> [Extracted records]

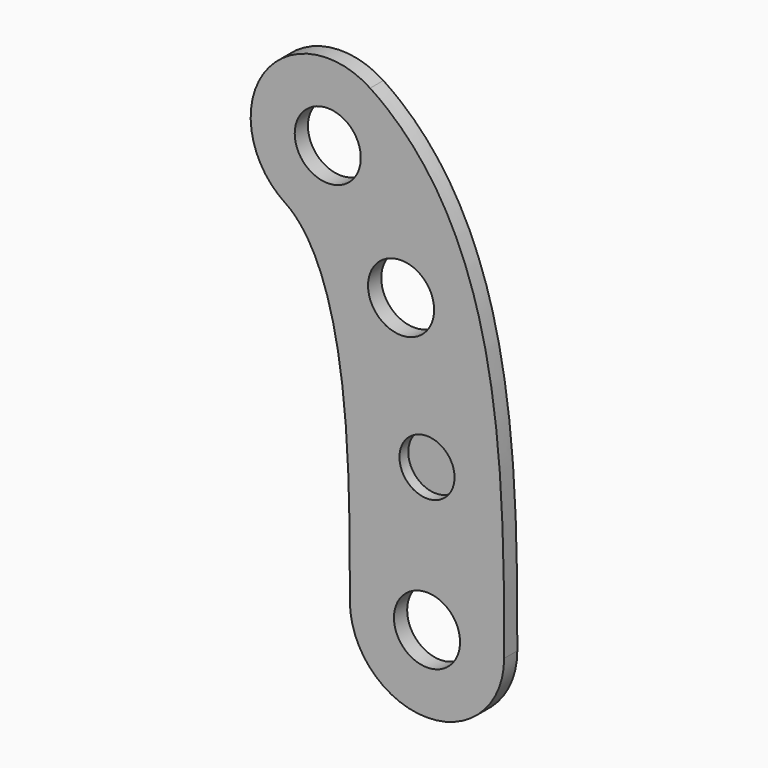
from build123d import *

# Parameters (mm, degrees)
F0_R     = 6
F1_DEPTH = 3
F3_R     = 5.5
F4_DEPTH = 2
F5_R     = 5
F6_DEPTH = 2
F9_ANGLE = 180


# Not quite as in the source:
# - ends of sketch curves that miss each other by under 0.0002 mm in the source are joined
# - the dataset's text gives a spline's control points without its knots; the knots are read off the source's solid


with BuildPart() as f1:
    # F0 (on Front) → F1 (new body)
    with BuildSketch(Plane.XZ):
        with BuildLine():
            add(Edge.make_bspline(
                [(-14, -26), (-14, -22.75), (-14.0004523743, -15.9105291262), (-13.7828666825, -5.0097493319), (-13.1111411806, 6.2097947293), (-11.720563989, 17.4707102353), (-9.6943656003, 26.7000282147), (-7.3231272908, 33.8894297819), (-5.0899646489, 39.15233442), (-2.3107556278, 44.2379137207), (1.1152604329, 49.0651401417), (5.2757801793, 53.5029660938), (8.5623848122, 56.0788774956), (10.3247279458, 57.2378033443)],
                knots=[0, 0, 0, 0, 0.125, 0.25, 0.375, 0.5, 0.625, 0.6875, 0.75, 0.8125, 0.875, 0.9375, 1, 1, 1, 1], degree=3))
            ThreePointArc((-14, -26), (0, -40), (14, -26))
            add(Edge.make_bspline(
                [(14, -26), (14, -22.75), (14.0004523743, -16.1086995406), (14.205139987, -6.0382727532), (14.8002343988, 3.7711749321), (15.9432970346, 12.9047719201), (17.4360428506, 19.5652612944), (18.9356431663, 24.0782015665), (20.186235287, 27.0007682339), (21.5241909854, 29.4228421126), (22.9015337641, 31.3389176928), (24.2833500376, 32.7935083509), (25.2194773121, 33.5209300274), (25.7092571932, 33.8430120472)],
                knots=[0, 0, 0, 0, 0.125, 0.25, 0.375, 0.5, 0.625, 0.6875, 0.75, 0.8125, 0.875, 0.9375, 0.9999998504, 0.9999998504, 0.9999998504, 0.9999998504], degree=3))
            ThreePointArc((25.7092571932, 33.8430120472), (29.7143803557, 53.2326803132), (10.3247279458, 57.2378033443))
        make_face()
        with Locations((0, -26)):
            Circle(F0_R, mode=Mode.SUBTRACT)
        with Locations((4.704827633, 25.5707762288)):
            Circle(F0_R, mode=Mode.SUBTRACT)
        with Locations((18.0169899591, 45.5404115335)):
            Circle(F0_R, mode=Mode.SUBTRACT)
    extrude(amount=F1_DEPTH)


with BuildPart() as f2_1:
    # F2: copy of F1
    add(f1.part.moved(Location((50.8967, 0, 0))))

    # F3 (on face) → F4 (cut)
    with BuildSketch(Plane.XZ.offset(3)):
        with Locations((50.8965918246, 0)):
            Circle(F3_R)
    extrude(amount=-F4_DEPTH, mode=Mode.SUBTRACT)


with BuildPart() as f1_1:
    add(f1.part)

    # F5 (on face) → F6 (cut)
    with BuildSketch(Plane(origin=(0, 0, 0), x_dir=(-1, 0, 0), z_dir=(0, 1, 0))):
        Circle(F5_R)
    extrude(amount=-F6_DEPTH, mode=Mode.SUBTRACT)


with BuildPart() as f1_2:
    # F9: moved
    add(f1_1.part.rotate(Axis((0, 0, 5.4726116359), (0, 0, -1)), F9_ANGLE))


solid = f1_2.part

> [Brief] Exact reproduction of the entries above is required, with pictures excluded.

> [Response for this exercise]
from build123d import *

# Parameters (mm, degrees)
F0_R     = 6
F1_DEPTH = 3
F3_R     = 5.5
F4_DEPTH = 2
F5_R     = 5
F6_DEPTH = 2
F9_ANGLE = 180


# Not quite as in the source:
# - ends of sketch curves that miss each other by under 0.0002 mm in the source are joined
# - the dataset's text gives a spline's control points without its knots; the knots are read off the source's solid


with BuildPart() as f1:
    # F0 (on Front) → F1 (new body)
    with BuildSketch(Plane.XZ):
        with BuildLine():
            add(Edge.make_bspline(
                [(-14, -26), (-14, -22.75), (-14.0004523743, -15.9105291262), (-13.7828666825, -5.0097493319), (-13.1111411806, 6.2097947293), (-11.720563989, 17.4707102353), (-9.6943656003, 26.7000282147), (-7.3231272908, 33.8894297819), (-5.0899646489, 39.15233442), (-2.3107556278, 44.2379137207), (1.1152604329, 49.0651401417), (5.2757801793, 53.5029660938), (8.5623848122, 56.0788774956), (10.3247279458, 57.2378033443)],
                knots=[0, 0, 0, 0, 0.125, 0.25, 0.375, 0.5, 0.625, 0.6875, 0.75, 0.8125, 0.875, 0.9375, 1, 1, 1, 1], degree=3))
            ThreePointArc((-14, -26), (0, -40), (14, -26))
            add(Edge.make_bspline(
                [(14, -26), (14, -22.75), (14.0004523743, -16.1086995406), (14.205139987, -6.0382727532), (14.8002343988, 3.7711749321), (15.9432970346, 12.9047719201), (17.4360428506, 19.5652612944), (18.9356431663, 24.0782015665), (20.186235287, 27.0007682339), (21.5241909854, 29.4228421126), (22.9015337641, 31.3389176928), (24.2833500376, 32.7935083509), (25.2194773121, 33.5209300274), (25.7092571932, 33.8430120472)],
                knots=[0, 0, 0, 0, 0.125, 0.25, 0.375, 0.5, 0.625, 0.6875, 0.75, 0.8125, 0.875, 0.9375, 0.9999998504, 0.9999998504, 0.9999998504, 0.9999998504], degree=3))
            ThreePointArc((25.7092571932, 33.8430120472), (29.7143803557, 53.2326803132), (10.3247279458, 57.2378033443))
        make_face()
        with Locations((0, -26)):
            Circle(F0_R, mode=Mode.SUBTRACT)
        with Locations((4.704827633, 25.5707762288)):
            Circle(F0_R, mode=Mode.SUBTRACT)
        with Locations((18.0169899591, 45.5404115335)):
            Circle(F0_R, mode=Mode.SUBTRACT)
    extrude(amount=F1_DEPTH)


with BuildPart() as f2_1:
    # F2: copy of F1
    add(f1.part.moved(Location((50.8967, 0, 0))))

    # F3 (on face) → F4 (cut)
    with BuildSketch(Plane.XZ.offset(3)):
        with Locations((50.8965918246, 0)):
            Circle(F3_R)
    extrude(amount=-F4_DEPTH, mode=Mode.SUBTRACT)


with BuildPart() as f1_1:
    add(f1.part)

    # F5 (on face) → F6 (cut)
    with BuildSketch(Plane(origin=(0, 0, 0), x_dir=(-1, 0, 0), z_dir=(0, 1, 0))):
        Circle(F5_R)
    extrude(amount=-F6_DEPTH, mode=Mode.SUBTRACT)


with BuildPart() as f1_2:
    # F9: moved
    add(f1_1.part.rotate(Axis((0, 0, 5.4726116359), (0, 0, -1)), F9_ANGLE))


solid = f1_2.part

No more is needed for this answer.